Dividend stocks have lots of appealing factors, and it’s easy to find reasons to buy. Some stocks have a great dividend yield. Others have a decades-long history of raising dividends once a year. Then there are picks with a modest dividend but great upside potential for shares.
If you’re looking for a reason to buy dividend stocks, there are plenty. But a trickier scenario is knowing when to get out.
So when do you sell a dividend stock? Some dividend investors have a holding period of forever, thinking that all stocks suffer slides or even dividend cuts, so it all works out in the wash when your priority is on the quarterly payout. If that describes you, then the answer to the question of when to sell is simply “never.”
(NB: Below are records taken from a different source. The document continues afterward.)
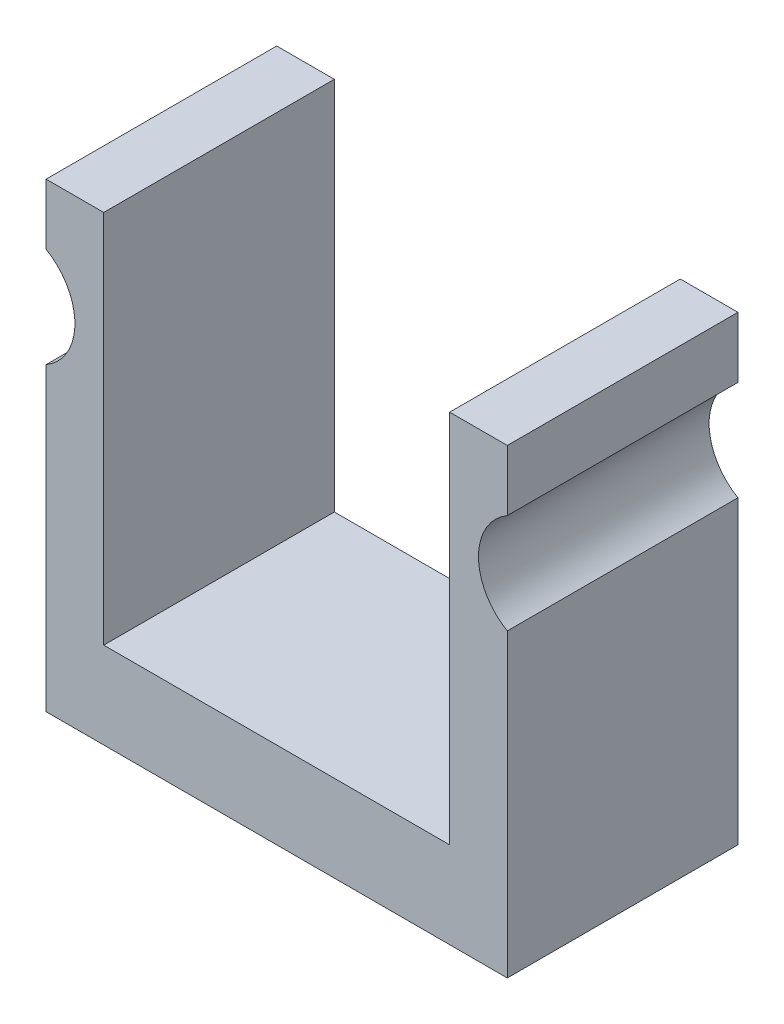
SolidWorks part; units mm, degrees
ref_plane "Front Plane" through (0, 0, 0) normal (0, 0, 1) x (1, 0, 0)
ref_plane "Top Plane" through (0, 0, 0) normal (0, 1, 0) x (1, 0, 0)
ref_plane "Right Plane" through (0, 0, 0) normal (1, 0, 0) x (0, 0, -1)
sketch "Sketch1" plane through (0, 0, 0) normal (0, 0, 1) x (1, 0, 0)
  line L0 (-34.0425, -19.3746) -> (16.7575, -19.3746)
  line L1 (16.7575, -19.3746) -> (16.7575, 31.4254)
  line L2 (16.7575, 31.4254) -> (10.4075, 31.4254)
  line L3 (10.4075, 31.4254) -> (10.4075, -9.8496)
  line L4 (10.4075, -9.8496) -> (-27.6925, -9.8496)
  line L5 (-27.6925, -9.8496) -> (-27.6925, 31.4254)
  line L6 (-34.0425, -19.3746) -> (-34.0425, 31.4254)
  line L7 (-34.0425, 31.4254) -> (-27.6925, 31.4254)
  dimension "D1" = 50.8
  dimension "D2" = 50.8
  dimension "D3" = 6.35
  dimension "D4" = 6.35
  dimension "D5" = 9.525
  dimension "D6" = 50.8
extrude "Boss-Extrude1" add sketch "Sketch1" along normal blind 25.4
sketch "Sketch2" plane through (0, 0, 25.4) normal (0, 0, 1) x (1, 0, 0)
  line L0 (-34.0425, 31.4254) -> (-34.0425, -19.3746) construction
  line L1 (-27.6925, 31.4254) -> (-34.0425, 31.4254) construction
  line L2 (16.7575, -19.3746) -> (16.7575, 31.4254) construction
  line L3 (16.7575, 31.4254) -> (10.4075, 31.4254) construction
  circle A0 centre (-37.2175, 19.2334) radius 6.35
  circle A1 centre (19.9325, 19.2334) radius 6.35
  point P12 (19.2614, 23.6331)
  dimension "D2" = 12.7
  dimension "D4" = 12.7
  dimension "D1" = 3.175
  dimension "D3" = 12.192
  dimension "D5" = 3.175
  dimension "D6" = 12.192
extrude "Cut-Extrude1" cut sketch "Sketch2" against normal blind 25.4

Other dividend investors find quarterly payouts nice, but really secondary to share values. Investors with this mind-set typically set stop-losses or set sell targets because it’s the stock price that matters most. If that describes you, then obviously you’re not asking when to sell a dividend stock — you’re wondering when the best time to buy and sell is based on the best share price.
For those who fall in between, pulling the trigger on a dividend stock is a balancing act. They grant some leeway to stocks with a hefty and reliable payout when shares slip, or they’ll stick with a stock that has slashed its dividend because it has upside potential for shares in the long term. But where do you draw the line?
There are five conditions that are helpful in sounding the sell signal for any dividend stock investor.
The company cuts or altogether eliminates its dividend. This one is fairly obvious. You can sometimes stomach a company that keeps dividends flat for a few years, but if a company is slashing dividends it means that the balance sheet has gotten so bad that it needs to literally take money out of shareholders’ pockets. The most likely scenario in this situation is that investors will be stung twice — once with the cancellation of dividends and again as share prices suffer. Take General Electric (NYSE:GE) in February 2009, for example. When it cut its dividend, GM saw shares drop 10% the next day.
The dividend stock sees its annual dividend yield drop below 1%. There are plenty of stocks out there that offer a nominal dividend — even small-cap companies with lower volume and a comparatively small pool of profits to share. However, if a company’s dividend is below 1%, chances are it’s not a dividend stock. It’s just a stock that happens to offer a dividend. If a stock is truly in your portfolio because of its quarterly payout, you must demand more than a payout of just a few pennies per share. Besides, if dividends are an afterthought for companies, there’s no guarantee that they will make an effort to maintain or boost their payouts.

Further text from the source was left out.